My first glimpse of downtown Owatonna happened more than 15 years ago, when my adult daughter moved into an apartment on one of the city’s lovely, tree-lined streets.
Except for a jaw-dropping walk into the Wells Fargo Bank, very little about the central business district stood out to me. I mention this because around that same time, the city I called home was deep into planning for a downtown streetscape.
A devastating recession delayed Farmington, Michigan’s long-awaited streetscape project. The final phase began this month–nearly 14 years after completion of the first phase. During that time, the wider sidewalks, benches, plantings, old fashioned streetlamps, a new city park, and traffic calming bump-outs have paid huge dividends.
It took time, but empty storefronts filled with unique, mom & pop shops. Fresh Thyme Farmers Market grabbed a big hunk of an old strip mall, driving the owner to improve the rest of it. A large investment firm renovated–and then moved 60 employees into–a historic bank building held for years by a neglectful property owner.
More importantly, the city park and pavilion have become a thriving, four-season entertainment venue, hosting one of the state’s most successful farmers markets, a weekly swing-dance party (weather permitting), and a popular ice skating rink.
The Farmington streetscape was not an easy sell. People worried about the loss of parking spaces, the dangers of angled parking, the cost of maintaining all those flower beds and trees and bushes. More than a few accidents have damaged balustrades and taken out plantings.

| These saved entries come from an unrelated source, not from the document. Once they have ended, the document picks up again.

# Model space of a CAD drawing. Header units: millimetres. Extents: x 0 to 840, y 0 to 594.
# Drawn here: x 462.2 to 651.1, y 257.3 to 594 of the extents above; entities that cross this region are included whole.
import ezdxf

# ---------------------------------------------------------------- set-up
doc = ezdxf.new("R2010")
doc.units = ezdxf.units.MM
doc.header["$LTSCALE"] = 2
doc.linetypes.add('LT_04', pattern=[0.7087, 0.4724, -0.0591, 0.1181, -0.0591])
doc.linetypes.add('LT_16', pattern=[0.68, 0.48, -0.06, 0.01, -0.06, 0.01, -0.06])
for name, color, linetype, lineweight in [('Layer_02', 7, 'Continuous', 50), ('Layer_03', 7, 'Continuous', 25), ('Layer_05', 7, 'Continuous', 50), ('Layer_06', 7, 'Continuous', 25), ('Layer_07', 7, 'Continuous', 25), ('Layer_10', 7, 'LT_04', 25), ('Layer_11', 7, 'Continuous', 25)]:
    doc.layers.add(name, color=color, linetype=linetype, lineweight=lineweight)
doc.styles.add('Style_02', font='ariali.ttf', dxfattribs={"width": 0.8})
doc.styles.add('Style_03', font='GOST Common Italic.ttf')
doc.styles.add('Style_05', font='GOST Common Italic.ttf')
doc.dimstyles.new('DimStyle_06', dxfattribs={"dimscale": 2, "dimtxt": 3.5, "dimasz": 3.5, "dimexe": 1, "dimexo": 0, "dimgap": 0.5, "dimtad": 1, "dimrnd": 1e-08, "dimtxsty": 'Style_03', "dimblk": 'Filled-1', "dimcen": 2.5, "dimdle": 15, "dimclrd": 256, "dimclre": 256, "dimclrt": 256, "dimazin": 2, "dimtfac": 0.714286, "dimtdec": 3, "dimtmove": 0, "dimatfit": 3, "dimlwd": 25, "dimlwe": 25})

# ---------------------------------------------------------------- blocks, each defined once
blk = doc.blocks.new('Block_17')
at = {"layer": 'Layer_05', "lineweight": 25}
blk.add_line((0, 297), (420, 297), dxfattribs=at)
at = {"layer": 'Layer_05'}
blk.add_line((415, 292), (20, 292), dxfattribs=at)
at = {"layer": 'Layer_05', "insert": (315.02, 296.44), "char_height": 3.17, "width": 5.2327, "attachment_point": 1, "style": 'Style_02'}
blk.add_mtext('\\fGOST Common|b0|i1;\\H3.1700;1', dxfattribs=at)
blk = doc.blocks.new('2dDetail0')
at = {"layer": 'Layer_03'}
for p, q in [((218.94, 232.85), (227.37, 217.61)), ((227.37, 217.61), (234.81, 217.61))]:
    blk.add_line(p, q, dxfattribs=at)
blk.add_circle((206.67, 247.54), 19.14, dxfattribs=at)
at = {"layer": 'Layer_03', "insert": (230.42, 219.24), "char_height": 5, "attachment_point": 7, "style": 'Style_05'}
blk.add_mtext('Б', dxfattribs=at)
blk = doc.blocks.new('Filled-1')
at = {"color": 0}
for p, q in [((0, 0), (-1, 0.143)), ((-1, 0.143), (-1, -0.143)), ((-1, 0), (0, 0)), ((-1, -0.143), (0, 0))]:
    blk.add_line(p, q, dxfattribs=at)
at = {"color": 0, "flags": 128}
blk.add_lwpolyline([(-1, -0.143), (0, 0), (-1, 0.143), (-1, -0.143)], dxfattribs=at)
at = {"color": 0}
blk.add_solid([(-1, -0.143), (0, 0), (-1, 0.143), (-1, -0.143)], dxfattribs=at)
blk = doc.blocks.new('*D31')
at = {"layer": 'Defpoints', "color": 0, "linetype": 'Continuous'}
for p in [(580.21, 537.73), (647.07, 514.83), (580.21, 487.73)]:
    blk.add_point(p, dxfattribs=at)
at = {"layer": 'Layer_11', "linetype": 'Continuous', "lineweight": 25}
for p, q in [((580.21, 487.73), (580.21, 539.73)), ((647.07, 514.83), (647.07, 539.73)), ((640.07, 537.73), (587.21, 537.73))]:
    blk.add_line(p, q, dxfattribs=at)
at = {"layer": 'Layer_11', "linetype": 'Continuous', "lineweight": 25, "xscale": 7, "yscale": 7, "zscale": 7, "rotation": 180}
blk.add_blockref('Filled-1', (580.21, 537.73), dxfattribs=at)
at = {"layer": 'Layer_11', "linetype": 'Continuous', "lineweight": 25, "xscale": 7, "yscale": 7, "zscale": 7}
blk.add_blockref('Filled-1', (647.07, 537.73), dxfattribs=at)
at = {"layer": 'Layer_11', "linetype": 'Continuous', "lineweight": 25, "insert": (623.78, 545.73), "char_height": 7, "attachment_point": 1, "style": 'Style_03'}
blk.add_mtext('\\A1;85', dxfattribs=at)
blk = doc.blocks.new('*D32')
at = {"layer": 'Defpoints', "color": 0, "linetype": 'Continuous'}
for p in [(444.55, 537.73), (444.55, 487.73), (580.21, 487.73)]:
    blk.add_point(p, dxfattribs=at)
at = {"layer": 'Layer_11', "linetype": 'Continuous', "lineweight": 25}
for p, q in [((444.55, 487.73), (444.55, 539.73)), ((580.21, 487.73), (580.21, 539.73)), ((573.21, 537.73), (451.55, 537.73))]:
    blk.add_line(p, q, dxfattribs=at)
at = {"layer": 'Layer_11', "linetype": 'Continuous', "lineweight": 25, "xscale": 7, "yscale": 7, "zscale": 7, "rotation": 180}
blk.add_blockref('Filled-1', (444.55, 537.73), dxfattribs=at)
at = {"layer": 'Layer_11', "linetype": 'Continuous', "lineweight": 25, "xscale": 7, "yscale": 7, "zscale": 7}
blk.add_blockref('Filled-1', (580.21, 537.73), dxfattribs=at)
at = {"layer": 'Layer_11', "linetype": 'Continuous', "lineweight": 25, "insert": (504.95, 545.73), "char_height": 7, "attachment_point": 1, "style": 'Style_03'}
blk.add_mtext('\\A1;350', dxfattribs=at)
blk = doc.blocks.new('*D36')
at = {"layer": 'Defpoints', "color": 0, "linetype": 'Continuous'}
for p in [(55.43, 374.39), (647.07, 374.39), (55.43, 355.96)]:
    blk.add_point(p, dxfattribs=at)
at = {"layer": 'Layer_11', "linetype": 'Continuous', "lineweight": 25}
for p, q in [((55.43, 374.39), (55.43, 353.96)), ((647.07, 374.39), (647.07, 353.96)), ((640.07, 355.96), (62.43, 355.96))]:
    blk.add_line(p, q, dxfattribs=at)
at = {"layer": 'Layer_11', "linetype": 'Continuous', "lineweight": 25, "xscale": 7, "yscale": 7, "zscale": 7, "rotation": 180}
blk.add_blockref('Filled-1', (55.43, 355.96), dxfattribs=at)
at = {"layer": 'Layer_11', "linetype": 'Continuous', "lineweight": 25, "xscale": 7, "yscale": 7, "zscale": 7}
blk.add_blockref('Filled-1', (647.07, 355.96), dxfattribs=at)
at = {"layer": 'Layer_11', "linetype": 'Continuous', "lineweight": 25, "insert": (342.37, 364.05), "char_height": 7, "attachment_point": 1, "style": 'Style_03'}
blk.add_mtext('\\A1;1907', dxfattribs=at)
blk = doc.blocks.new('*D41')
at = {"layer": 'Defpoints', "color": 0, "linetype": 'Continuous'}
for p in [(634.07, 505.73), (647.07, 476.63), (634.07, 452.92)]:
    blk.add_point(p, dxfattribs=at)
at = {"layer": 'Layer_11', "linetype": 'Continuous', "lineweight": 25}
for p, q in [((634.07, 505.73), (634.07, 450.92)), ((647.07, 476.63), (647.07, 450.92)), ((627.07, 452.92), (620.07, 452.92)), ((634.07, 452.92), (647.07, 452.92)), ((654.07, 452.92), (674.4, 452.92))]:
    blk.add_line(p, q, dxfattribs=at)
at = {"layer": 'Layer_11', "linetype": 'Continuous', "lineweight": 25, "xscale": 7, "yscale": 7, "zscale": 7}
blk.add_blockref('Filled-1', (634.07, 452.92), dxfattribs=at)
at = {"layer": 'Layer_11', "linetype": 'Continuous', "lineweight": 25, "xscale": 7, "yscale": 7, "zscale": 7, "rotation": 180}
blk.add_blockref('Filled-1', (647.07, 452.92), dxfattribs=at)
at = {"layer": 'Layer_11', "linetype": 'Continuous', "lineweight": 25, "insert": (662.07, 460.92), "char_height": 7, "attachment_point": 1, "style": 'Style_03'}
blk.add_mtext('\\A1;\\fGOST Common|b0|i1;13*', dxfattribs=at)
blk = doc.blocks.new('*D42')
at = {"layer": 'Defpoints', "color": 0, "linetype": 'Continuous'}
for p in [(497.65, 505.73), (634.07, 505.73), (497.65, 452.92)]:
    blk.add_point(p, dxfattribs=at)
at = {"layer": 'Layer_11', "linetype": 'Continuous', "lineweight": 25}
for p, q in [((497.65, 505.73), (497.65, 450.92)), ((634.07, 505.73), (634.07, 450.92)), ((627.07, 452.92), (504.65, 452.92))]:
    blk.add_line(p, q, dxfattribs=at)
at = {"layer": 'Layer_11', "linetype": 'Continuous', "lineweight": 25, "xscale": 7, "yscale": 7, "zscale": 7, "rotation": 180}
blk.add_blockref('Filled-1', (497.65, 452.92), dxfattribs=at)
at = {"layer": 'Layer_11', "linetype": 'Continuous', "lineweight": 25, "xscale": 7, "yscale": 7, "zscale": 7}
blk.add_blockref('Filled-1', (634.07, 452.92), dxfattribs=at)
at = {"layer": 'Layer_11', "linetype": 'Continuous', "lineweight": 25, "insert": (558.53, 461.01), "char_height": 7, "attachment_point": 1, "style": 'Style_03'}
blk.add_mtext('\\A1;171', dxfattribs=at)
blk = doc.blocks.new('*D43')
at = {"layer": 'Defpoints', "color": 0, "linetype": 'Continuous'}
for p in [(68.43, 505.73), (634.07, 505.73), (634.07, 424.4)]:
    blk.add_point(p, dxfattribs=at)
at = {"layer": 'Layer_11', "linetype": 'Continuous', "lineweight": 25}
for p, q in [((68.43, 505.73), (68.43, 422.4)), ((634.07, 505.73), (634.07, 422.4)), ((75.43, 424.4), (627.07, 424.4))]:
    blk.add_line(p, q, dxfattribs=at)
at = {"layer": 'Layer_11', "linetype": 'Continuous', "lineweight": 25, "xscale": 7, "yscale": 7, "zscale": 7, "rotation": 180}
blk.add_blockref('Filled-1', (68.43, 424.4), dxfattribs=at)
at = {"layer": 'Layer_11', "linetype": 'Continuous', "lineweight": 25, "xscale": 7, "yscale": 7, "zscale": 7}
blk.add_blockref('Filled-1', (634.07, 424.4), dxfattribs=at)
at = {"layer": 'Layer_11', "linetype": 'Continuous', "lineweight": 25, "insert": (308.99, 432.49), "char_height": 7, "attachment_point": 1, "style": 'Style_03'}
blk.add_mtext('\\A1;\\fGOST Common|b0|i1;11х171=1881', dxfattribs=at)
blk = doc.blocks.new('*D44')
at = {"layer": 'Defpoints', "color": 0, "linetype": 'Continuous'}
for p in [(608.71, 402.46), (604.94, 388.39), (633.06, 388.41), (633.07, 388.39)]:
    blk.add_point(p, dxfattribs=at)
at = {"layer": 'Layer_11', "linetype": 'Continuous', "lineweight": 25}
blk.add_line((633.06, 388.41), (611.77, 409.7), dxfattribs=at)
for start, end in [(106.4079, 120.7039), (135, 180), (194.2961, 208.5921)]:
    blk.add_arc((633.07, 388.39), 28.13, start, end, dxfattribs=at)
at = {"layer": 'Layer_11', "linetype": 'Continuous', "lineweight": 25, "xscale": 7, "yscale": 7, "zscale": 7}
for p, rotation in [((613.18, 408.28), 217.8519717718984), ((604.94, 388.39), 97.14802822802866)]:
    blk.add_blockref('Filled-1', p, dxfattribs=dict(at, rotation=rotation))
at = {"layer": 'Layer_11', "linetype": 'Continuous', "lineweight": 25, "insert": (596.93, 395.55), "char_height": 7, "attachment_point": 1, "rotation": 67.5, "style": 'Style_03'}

None of that seems important on a warm summer evening when the driving beat of an Eagles tribute band fills the park and drifts through downtown restaurant patios. Or on a crisp, New Year’s Eve when costumed kids and adults take turns around the ice rink before a countdown and midnight ball drop.
Concrete and metal and asphalt didn’t create those experiences. It took volunteers with the courage to share new ideas and the energy to make them real. And city officials who supported the vision. And residents and visitors who show up again and again.
Once the dust settles, the downtown Owatonna streetscape will create an opportunity. What happens next in the heart of our city… well, that’s up to you.